- Kuakatch Location within the state of Arizona Kuakatch Kuakatch (the United States)
- Coordinates: 32°08′15″N 112°39′47″W﻿ / ﻿32.13750°N 112.66306°W
- Country: United States
- State: Arizona
- County: Pima
- Tribe: Tohono O'odham Nation
- Elevation: 2,142 ft (653 m)
- Time zone: UTC-7 (Mountain (MST))
- • Summer (DST): UTC-7 (MST)
- Area code: 520
- FIPS code: 04-38980
- GNIS feature ID: 6776

= Kuakatch, Arizona =

Kuakatch is a populated place situated in Pima County, Arizona, United States. It has an estimated elevation of 2142 ft above sea level. Historically, it has also been known as Kookatsh, Pozo de Federico, and Walls Well.
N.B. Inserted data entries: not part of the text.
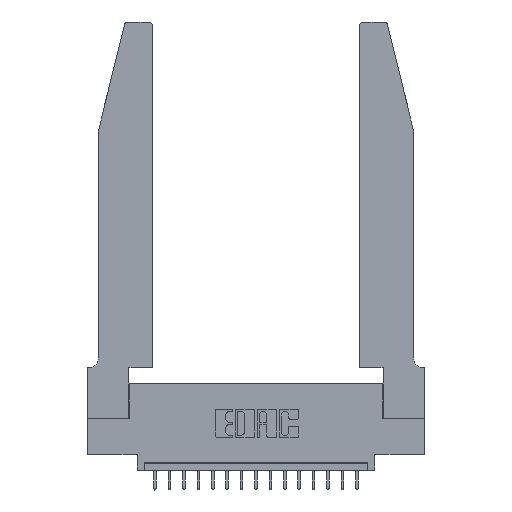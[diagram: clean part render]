
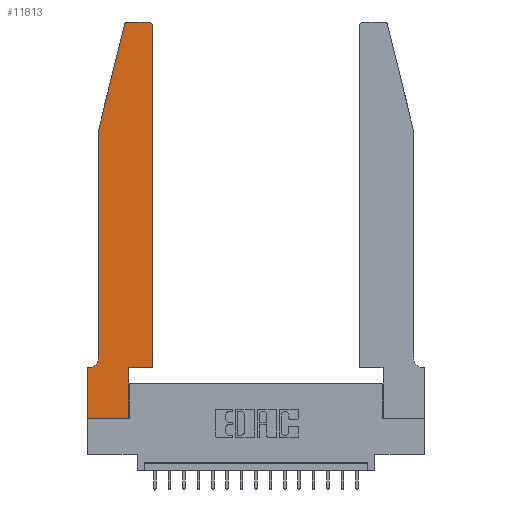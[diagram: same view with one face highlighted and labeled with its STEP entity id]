
A CAD part, top view. The second image highlights one B-rep face of the part: STEP entity #11813.
In plain terms, the highlighted planar face has unit normal (0, 0, 1).
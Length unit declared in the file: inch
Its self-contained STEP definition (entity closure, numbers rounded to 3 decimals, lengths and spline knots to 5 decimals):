
#130 = EDGE_CURVE ( 'NONE', #13081, #10834, #15862, .T. ) ;
#140 = CARTESIAN_POINT ( 'NONE',  ( 0.2605, 2.75, 0.37 ) ) ;
#537 = LINE ( 'NONE', #4698, #8572 ) ;
#550 = LINE ( 'NONE', #6298, #9654 ) ;
#1165 = VECTOR ( 'NONE', #9890, 39.37008 ) ;
#1394 = CIRCLE ( 'NONE', #9110, 0.03 ) ;
#1476 = ORIENTED_EDGE ( 'NONE', *, *, #11093, .T. ) ;
#1655 = VECTOR ( 'NONE', #2980, 39.37008 ) ;
#2086 = LINE ( 'NONE', #8126, #5900 ) ;
#2381 = AXIS2_PLACEMENT_3D ( 'NONE', #5408, #14465, #18985 ) ;
#2508 = EDGE_CURVE ( 'NONE', #11771, #19022, #9325, .T. ) ;
#2731 = DIRECTION ( 'NONE',  ( -0.239, -0.971, 0. ) ) ;
#2879 = DIRECTION ( 'NONE',  ( 1., 0., 0. ) ) ;
#2980 = DIRECTION ( 'NONE',  ( -1., 0., 0. ) ) ;
#3161 = DIRECTION ( 'NONE',  ( 1., 0., 0. ) ) ;
#3262 = DIRECTION ( 'NONE',  ( -1., 0., 0. ) ) ;
#4698 = CARTESIAN_POINT ( 'NONE',  ( 0.0755, 2., 0.37 ) ) ;
#4722 = VECTOR ( 'NONE', #3262, 39.37008 ) ;
#5141 = ORIENTED_EDGE ( 'NONE', *, *, #16870, .T. ) ;
#5205 = PLANE ( 'NONE',  #2381 ) ;
#5323 = CARTESIAN_POINT ( 'NONE',  ( 0.4505, 0.35, 0.37 ) ) ;
#5408 = CARTESIAN_POINT ( 'NONE',  ( 0., 0.35, 0.37 ) ) ;
#5499 = DIRECTION ( 'NONE',  ( 1., 0., 0. ) ) ;
#5708 = CARTESIAN_POINT ( 'NONE',  ( 0.2865, 0.35, 0.37 ) ) ;
#5762 = CARTESIAN_POINT ( 'NONE',  ( 0.0055, 0.42, 0.37 ) ) ;
#5780 = CARTESIAN_POINT ( 'NONE',  ( 0.0755, 2., 0.37 ) ) ;
#5871 = LINE ( 'NONE', #5780, #13651 ) ;
#5900 = VECTOR ( 'NONE', #14583, 39.37008 ) ;
#6298 = CARTESIAN_POINT ( 'NONE',  ( 0., 0., 0.37 ) ) ;
#6357 = CARTESIAN_POINT ( 'NONE',  ( 0., 0., 0.37 ) ) ;
#6480 = ORIENTED_EDGE ( 'NONE', *, *, #130, .T. ) ;
#6636 = AXIS2_PLACEMENT_3D ( 'NONE', #8492, #14338, #5499 ) ;
#6904 = EDGE_CURVE ( 'NONE', #9031, #9576, #550, .T. ) ;
#7207 = VERTEX_POINT ( 'NONE', #19470 ) ;
#7277 = CARTESIAN_POINT ( 'NONE',  ( 0.4505, 0.35, 0.37 ) ) ;
#7446 = DIRECTION ( 'NONE',  ( 0., 0., -1. ) ) ;
#7485 = ORIENTED_EDGE ( 'NONE', *, *, #18666, .T. ) ;
#7601 = LINE ( 'NONE', #140, #4722 ) ;
#8126 = CARTESIAN_POINT ( 'NONE',  ( 0., 0., 0.37 ) ) ;
#8203 = CIRCLE ( 'NONE', #17223, 0.07 ) ;
#8365 = VERTEX_POINT ( 'NONE', #9037 ) ;
#8456 = LINE ( 'NONE', #9862, #17111 ) ;
#8492 = CARTESIAN_POINT ( 'NONE',  ( 0.4205, 2.72, 0.37 ) ) ;
#8524 = VECTOR ( 'NONE', #15765, 39.37008 ) ;
#8572 = VECTOR ( 'NONE', #12437, 39.37008 ) ;
#8606 = CARTESIAN_POINT ( 'NONE',  ( 0.0055, 0.35, 0.37 ) ) ;
#8694 = ORIENTED_EDGE ( 'NONE', *, *, #12266, .T. ) ;
#9031 = VERTEX_POINT ( 'NONE', #6357 ) ;
#9037 = CARTESIAN_POINT ( 'NONE',  ( 0.0755, 0.42, 0.37 ) ) ;
#9066 = VERTEX_POINT ( 'NONE', #10675 ) ;
#9110 = AXIS2_PLACEMENT_3D ( 'NONE', #18587, #10826, #2879 ) ;
#9230 = EDGE_CURVE ( 'NONE', #9576, #13081, #8456, .T. ) ;
#9325 = LINE ( 'NONE', #15492, #1655 ) ;
#9427 = VERTEX_POINT ( 'NONE', #17108 ) ;
#9462 = CARTESIAN_POINT ( 'NONE',  ( 0.284, 2.75, 0.37 ) ) ;
#9576 = VERTEX_POINT ( 'NONE', #11456 ) ;
#9654 = VECTOR ( 'NONE', #3161, 39.37008 ) ;
#9812 = FACE_OUTER_BOUND ( 'NONE', #14336, .T. ) ;
#9862 = CARTESIAN_POINT ( 'NONE',  ( 0.2865, 0.35, 0.37 ) ) ;
#9890 = DIRECTION ( 'NONE',  ( 0., 1., 0. ) ) ;
#10675 = CARTESIAN_POINT ( 'NONE',  ( 0.4505, 2.72, 0.37 ) ) ;
#10758 = EDGE_CURVE ( 'NONE', #19022, #9031, #2086, .T. ) ;
#10826 = DIRECTION ( 'NONE',  ( 0., 0., 1. ) ) ;
#10834 = VERTEX_POINT ( 'NONE', #5323 ) ;
#11093 = EDGE_CURVE ( 'NONE', #12512, #9427, #1394, .T. ) ;
#11456 = CARTESIAN_POINT ( 'NONE',  ( 0.2865, 0., 0.37 ) ) ;
#11630 = ORIENTED_EDGE ( 'NONE', *, *, #2508, .T. ) ;
#11771 = VERTEX_POINT ( 'NONE', #8606 ) ;
#11776 = CIRCLE ( 'NONE', #6636, 0.03 ) ;
#11813 = ADVANCED_FACE ( 'NONE', ( #9812 ), #5205, .T. ) ;
#11912 = CARTESIAN_POINT ( 'NONE',  ( 0.4205, 2.75, 0.37 ) ) ;
#12266 = EDGE_CURVE ( 'NONE', #9427, #7207, #5871, .T. ) ;
#12437 = DIRECTION ( 'NONE',  ( 0., -1., 0. ) ) ;
#12512 = VERTEX_POINT ( 'NONE', #9462 ) ;
#13081 = VERTEX_POINT ( 'NONE', #5708 ) ;
#13371 = ORIENTED_EDGE ( 'NONE', *, *, #17109, .T. ) ;
#13651 = VECTOR ( 'NONE', #2731, 39.37008 ) ;
#14336 = EDGE_LOOP ( 'NONE', ( #18567, #1476, #8694, #5141, #16559, #11630, #16832, #16976, #18447, #6480, #13371, #7485 ) ) ;
#14338 = DIRECTION ( 'NONE',  ( 0., 0., 1. ) ) ;
#14465 = DIRECTION ( 'NONE',  ( 0., 0., 1. ) ) ;
#14506 = DIRECTION ( 'NONE',  ( 0., 1., 0. ) ) ;
#14583 = DIRECTION ( 'NONE',  ( 0., -1., 0. ) ) ;
#14715 = VERTEX_POINT ( 'NONE', #11912 ) ;
#15164 = EDGE_CURVE ( 'NONE', #8365, #11771, #8203, .T. ) ;
#15492 = CARTESIAN_POINT ( 'NONE',  ( 0.0755, 0.35, 0.37 ) ) ;
#15619 = CARTESIAN_POINT ( 'NONE',  ( 0., 0.35, 0.37 ) ) ;
#15765 = DIRECTION ( 'NONE',  ( 1., 0., 0. ) ) ;
#15862 = LINE ( 'NONE', #17265, #8524 ) ;
#16433 = DIRECTION ( 'NONE',  ( -1., 0., 0. ) ) ;
#16559 = ORIENTED_EDGE ( 'NONE', *, *, #15164, .T. ) ;
#16832 = ORIENTED_EDGE ( 'NONE', *, *, #10758, .T. ) ;
#16870 = EDGE_CURVE ( 'NONE', #7207, #8365, #537, .T. ) ;
#16976 = ORIENTED_EDGE ( 'NONE', *, *, #6904, .T. ) ;
#17108 = CARTESIAN_POINT ( 'NONE',  ( 0.25487, 2.72718, 0.37 ) ) ;
#17109 = EDGE_CURVE ( 'NONE', #10834, #9066, #19162, .T. ) ;
#17111 = VECTOR ( 'NONE', #14506, 39.37008 ) ;
#17223 = AXIS2_PLACEMENT_3D ( 'NONE', #5762, #7446, #16433 ) ;
#17265 = CARTESIAN_POINT ( 'NONE',  ( 0.4505, 0.35, 0.37 ) ) ;
#18447 = ORIENTED_EDGE ( 'NONE', *, *, #9230, .T. ) ;
#18567 = ORIENTED_EDGE ( 'NONE', *, *, #19469, .T. ) ;
#18587 = CARTESIAN_POINT ( 'NONE',  ( 0.284, 2.72, 0.37 ) ) ;
#18666 = EDGE_CURVE ( 'NONE', #9066, #14715, #11776, .T. ) ;
#18985 = DIRECTION ( 'NONE',  ( 1., 0., 0. ) ) ;
#19022 = VERTEX_POINT ( 'NONE', #15619 ) ;
#19162 = LINE ( 'NONE', #7277, #1165 ) ;
#19469 = EDGE_CURVE ( 'NONE', #14715, #12512, #7601, .T. ) ;
#19470 = CARTESIAN_POINT ( 'NONE',  ( 0.0755, 2., 0.37 ) ) ;
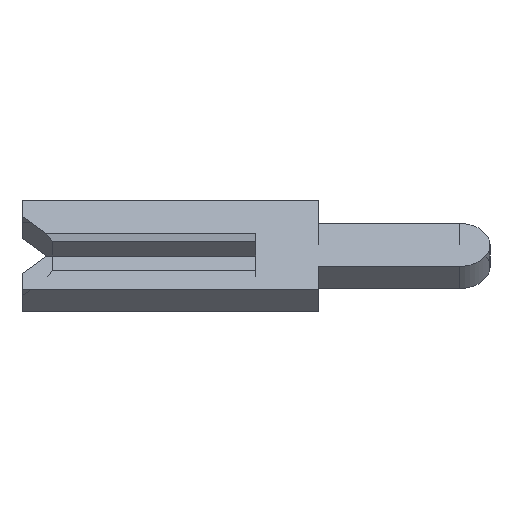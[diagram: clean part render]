
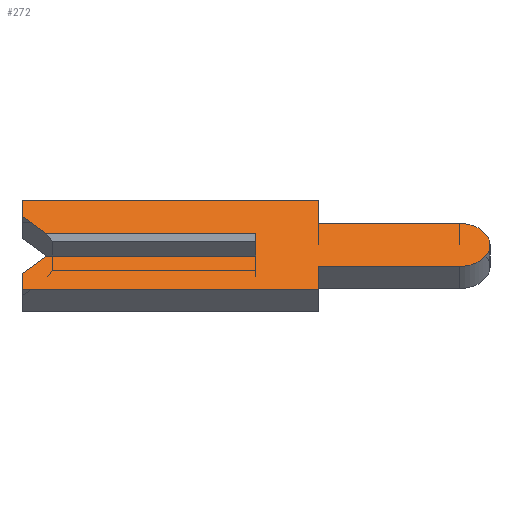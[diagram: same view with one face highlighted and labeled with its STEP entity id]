
A CAD part, left-side view. The second image highlights one B-rep face of the part: STEP entity #272.
In plain terms, the highlighted face is planar.
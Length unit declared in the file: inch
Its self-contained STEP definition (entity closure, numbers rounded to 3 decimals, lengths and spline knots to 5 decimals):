
#9 = CARTESIAN_POINT ( 'NONE',  ( -0.01, 0.15, 0.04 ) ) ;
#21 = CARTESIAN_POINT ( 'NONE',  ( -0.01, 0.134, 0.01 ) ) ;
#29 = VECTOR ( 'NONE', #1705, 39.37008 ) ;
#31 = EDGE_CURVE ( 'NONE', #228, #1299, #1342, .T. ) ;
#50 = VECTOR ( 'NONE', #1722, 39.37008 ) ;
#54 = DIRECTION ( 'NONE',  ( 0., 0., 1. ) ) ;
#58 = DIRECTION ( 'NONE',  ( 1., 0., 0. ) ) ;
#75 = VECTOR ( 'NONE', #1101, 39.37008 ) ;
#90 = PLANE ( 'NONE',  #609 ) ;
#94 = CARTESIAN_POINT ( 'NONE',  ( -0.01, -0.1305, -0.0195 ) ) ;
#99 = EDGE_CURVE ( 'NONE', #583, #1252, #1392, .T. ) ;
#171 = LINE ( 'NONE', #1871, #1641 ) ;
#205 = CARTESIAN_POINT ( 'NONE',  ( -0.01, 0.15, -0.04 ) ) ;
#207 = VERTEX_POINT ( 'NONE', #1720 ) ;
#228 = VERTEX_POINT ( 'NONE', #1732 ) ;
#245 = CARTESIAN_POINT ( 'NONE',  ( -0.01, 0., 0.01 ) ) ;
#271 = VECTOR ( 'NONE', #1430, 39.37008 ) ;
#272 = ADVANCED_FACE ( 'NONE', ( #839 ), #90, .F. ) ;
#277 = EDGE_CURVE ( 'NONE', #558, #228, #676, .T. ) ;
#296 = ORIENTED_EDGE ( 'NONE', *, *, #31, .F. ) ;
#314 = EDGE_CURVE ( 'NONE', #1299, #842, #171, .T. ) ;
#360 = VECTOR ( 'NONE', #1434, 39.37008 ) ;
#365 = ORIENTED_EDGE ( 'NONE', *, *, #1440, .T. ) ;
#376 = CARTESIAN_POINT ( 'NONE',  ( -0.01, 0.15, 0.026 ) ) ;
#390 = DIRECTION ( 'NONE',  ( 0., -1., 0. ) ) ;
#414 = ORIENTED_EDGE ( 'NONE', *, *, #99, .F. ) ;
#432 = ORIENTED_EDGE ( 'NONE', *, *, #572, .F. ) ;
#448 = EDGE_CURVE ( 'NONE', #842, #1280, #744, .T. ) ;
#452 = LINE ( 'NONE', #1317, #50 ) ;
#515 = VERTEX_POINT ( 'NONE', #1680 ) ;
#558 = VERTEX_POINT ( 'NONE', #9 ) ;
#572 = EDGE_CURVE ( 'NONE', #1514, #1366, #1622, .T. ) ;
#583 = VERTEX_POINT ( 'NONE', #21 ) ;
#603 = LINE ( 'NONE', #904, #1173 ) ;
#605 = VERTEX_POINT ( 'NONE', #910 ) ;
#609 = AXIS2_PLACEMENT_3D ( 'NONE', #1149, #58, #1286 ) ;
#612 = CARTESIAN_POINT ( 'NONE',  ( -0.01, 0., 0.0065 ) ) ;
#628 = LINE ( 'NONE', #1591, #931 ) ;
#631 = ORIENTED_EDGE ( 'NONE', *, *, #314, .F. ) ;
#655 = CARTESIAN_POINT ( 'NONE',  ( -0.01, 0.15, 0.026 ) ) ;
#657 = LINE ( 'NONE', #810, #75 ) ;
#673 = CARTESIAN_POINT ( 'NONE',  ( -0.01, 0., -0.01 ) ) ;
#676 = LINE ( 'NONE', #993, #360 ) ;
#717 = EDGE_CURVE ( 'NONE', #1366, #1646, #1482, .T. ) ;
#744 = CIRCLE ( 'NONE', #1699, 0.0195 ) ;
#772 = ORIENTED_EDGE ( 'NONE', *, *, #277, .F. ) ;
#774 = EDGE_CURVE ( 'NONE', #939, #515, #603, .T. ) ;
#782 = CARTESIAN_POINT ( 'NONE',  ( -0.01, -0.1305, -0.01 ) ) ;
#784 = EDGE_CURVE ( 'NONE', #207, #939, #657, .T. ) ;
#786 = CARTESIAN_POINT ( 'NONE',  ( -0.01, -0.04, 0.04 ) ) ;
#810 = CARTESIAN_POINT ( 'NONE',  ( -0.01, 0.15, -0.04 ) ) ;
#839 = FACE_OUTER_BOUND ( 'NONE', #1894, .T. ) ;
#842 = VERTEX_POINT ( 'NONE', #1120 ) ;
#848 = CARTESIAN_POINT ( 'NONE',  ( -0.01, 0.134, -0.01 ) ) ;
#861 = DIRECTION ( 'NONE',  ( 1., 0., 0. ) ) ;
#864 = VECTOR ( 'NONE', #54, 39.37008 ) ;
#890 = ORIENTED_EDGE ( 'NONE', *, *, #448, .F. ) ;
#904 = CARTESIAN_POINT ( 'NONE',  ( -0.01, 0.15, -0.026 ) ) ;
#906 = VECTOR ( 'NONE', #979, 39.37008 ) ;
#910 = CARTESIAN_POINT ( 'NONE',  ( -0.01, -0.04, -0.0195 ) ) ;
#927 = DIRECTION ( 'NONE',  ( 0., -1., 0. ) ) ;
#931 = VECTOR ( 'NONE', #1880, 39.37008 ) ;
#939 = VERTEX_POINT ( 'NONE', #205 ) ;
#962 = CARTESIAN_POINT ( 'NONE',  ( -0.01, 0.1305, 0.0065 ) ) ;
#979 = DIRECTION ( 'NONE',  ( 0., 0., -1. ) ) ;
#983 = ORIENTED_EDGE ( 'NONE', *, *, #1716, .F. ) ;
#993 = CARTESIAN_POINT ( 'NONE',  ( -0.01, 0.15, 0.04 ) ) ;
#1039 = EDGE_CURVE ( 'NONE', #1252, #558, #1248, .T. ) ;
#1056 = ORIENTED_EDGE ( 'NONE', *, *, #784, .F. ) ;
#1061 = DIRECTION ( 'NONE',  ( 0., 0., 1. ) ) ;
#1078 = VECTOR ( 'NONE', #1061, 39.37008 ) ;
#1101 = DIRECTION ( 'NONE',  ( 0., 1., 0. ) ) ;
#1108 = ORIENTED_EDGE ( 'NONE', *, *, #1039, .F. ) ;
#1120 = CARTESIAN_POINT ( 'NONE',  ( -0.01, -0.1305, 0.0195 ) ) ;
#1130 = CARTESIAN_POINT ( 'NONE',  ( -0.01, -0.04, 0.0195 ) ) ;
#1149 = CARTESIAN_POINT ( 'NONE',  ( -0.01, -0.1305, 0. ) ) ;
#1173 = VECTOR ( 'NONE', #1229, 39.37008 ) ;
#1195 = EDGE_CURVE ( 'NONE', #605, #207, #1390, .T. ) ;
#1229 = DIRECTION ( 'NONE',  ( 0., 0., 1. ) ) ;
#1236 = EDGE_CURVE ( 'NONE', #1280, #605, #1533, .T. ) ;
#1248 = LINE ( 'NONE', #655, #864 ) ;
#1252 = VERTEX_POINT ( 'NONE', #376 ) ;
#1274 = ORIENTED_EDGE ( 'NONE', *, *, #1195, .F. ) ;
#1280 = VERTEX_POINT ( 'NONE', #94 ) ;
#1286 = DIRECTION ( 'NONE',  ( 0., 0., -1. ) ) ;
#1299 = VERTEX_POINT ( 'NONE', #1130 ) ;
#1317 = CARTESIAN_POINT ( 'NONE',  ( -0.01, 0.1305, -0.0065 ) ) ;
#1342 = LINE ( 'NONE', #786, #271 ) ;
#1366 = VERTEX_POINT ( 'NONE', #673 ) ;
#1390 = LINE ( 'NONE', #1432, #906 ) ;
#1392 = LINE ( 'NONE', #962, #29 ) ;
#1430 = DIRECTION ( 'NONE',  ( 0., 0., -1. ) ) ;
#1432 = CARTESIAN_POINT ( 'NONE',  ( -0.01, -0.04, -0.04 ) ) ;
#1434 = DIRECTION ( 'NONE',  ( 0., -1., 0. ) ) ;
#1440 = EDGE_CURVE ( 'NONE', #583, #1646, #628, .T. ) ;
#1442 = ORIENTED_EDGE ( 'NONE', *, *, #717, .F. ) ;
#1482 = LINE ( 'NONE', #612, #1078 ) ;
#1514 = VERTEX_POINT ( 'NONE', #848 ) ;
#1533 = LINE ( 'NONE', #1725, #1664 ) ;
#1576 = VECTOR ( 'NONE', #927, 39.37008 ) ;
#1591 = CARTESIAN_POINT ( 'NONE',  ( -0.01, 0.15, 0.01 ) ) ;
#1622 = LINE ( 'NONE', #782, #1576 ) ;
#1641 = VECTOR ( 'NONE', #390, 39.37008 ) ;
#1646 = VERTEX_POINT ( 'NONE', #245 ) ;
#1664 = VECTOR ( 'NONE', #1867, 39.37008 ) ;
#1680 = CARTESIAN_POINT ( 'NONE',  ( -0.01, 0.15, -0.026 ) ) ;
#1699 = AXIS2_PLACEMENT_3D ( 'NONE', #1753, #861, #1903 ) ;
#1705 = DIRECTION ( 'NONE',  ( 0., 0.707, 0.707 ) ) ;
#1716 = EDGE_CURVE ( 'NONE', #515, #1514, #452, .T. ) ;
#1720 = CARTESIAN_POINT ( 'NONE',  ( -0.01, -0.04, -0.04 ) ) ;
#1722 = DIRECTION ( 'NONE',  ( 0., -0.707, 0.707 ) ) ;
#1725 = CARTESIAN_POINT ( 'NONE',  ( -0.01, -0.04, -0.0195 ) ) ;
#1730 = ORIENTED_EDGE ( 'NONE', *, *, #1236, .F. ) ;
#1732 = CARTESIAN_POINT ( 'NONE',  ( -0.01, -0.04, 0.04 ) ) ;
#1753 = CARTESIAN_POINT ( 'NONE',  ( -0.01, -0.1305, 0. ) ) ;
#1821 = ORIENTED_EDGE ( 'NONE', *, *, #774, .F. ) ;
#1867 = DIRECTION ( 'NONE',  ( 0., 1., 0. ) ) ;
#1871 = CARTESIAN_POINT ( 'NONE',  ( -0.01, -0.04, 0.0195 ) ) ;
#1880 = DIRECTION ( 'NONE',  ( 0., -1., 0. ) ) ;
#1894 = EDGE_LOOP ( 'NONE', ( #365, #1442, #432, #983, #1821, #1056, #1274, #1730, #890, #631, #296, #772, #1108, #414 ) ) ;
#1903 = DIRECTION ( 'NONE',  ( 0., 0., -1. ) ) ;

The last variation was derived from Frederick Wall, who dug a well just south of the Tohono O'odham village in the late 1800s. The name was officially designated as Kuakatch by a Board on Geographic Names decision in 1941. Kuakatch is derived from the Tohono O'odham phrase, ku:kaj, meaning "its end", referring to the nearby mountain, thus Kuakatch means "end of the mountain".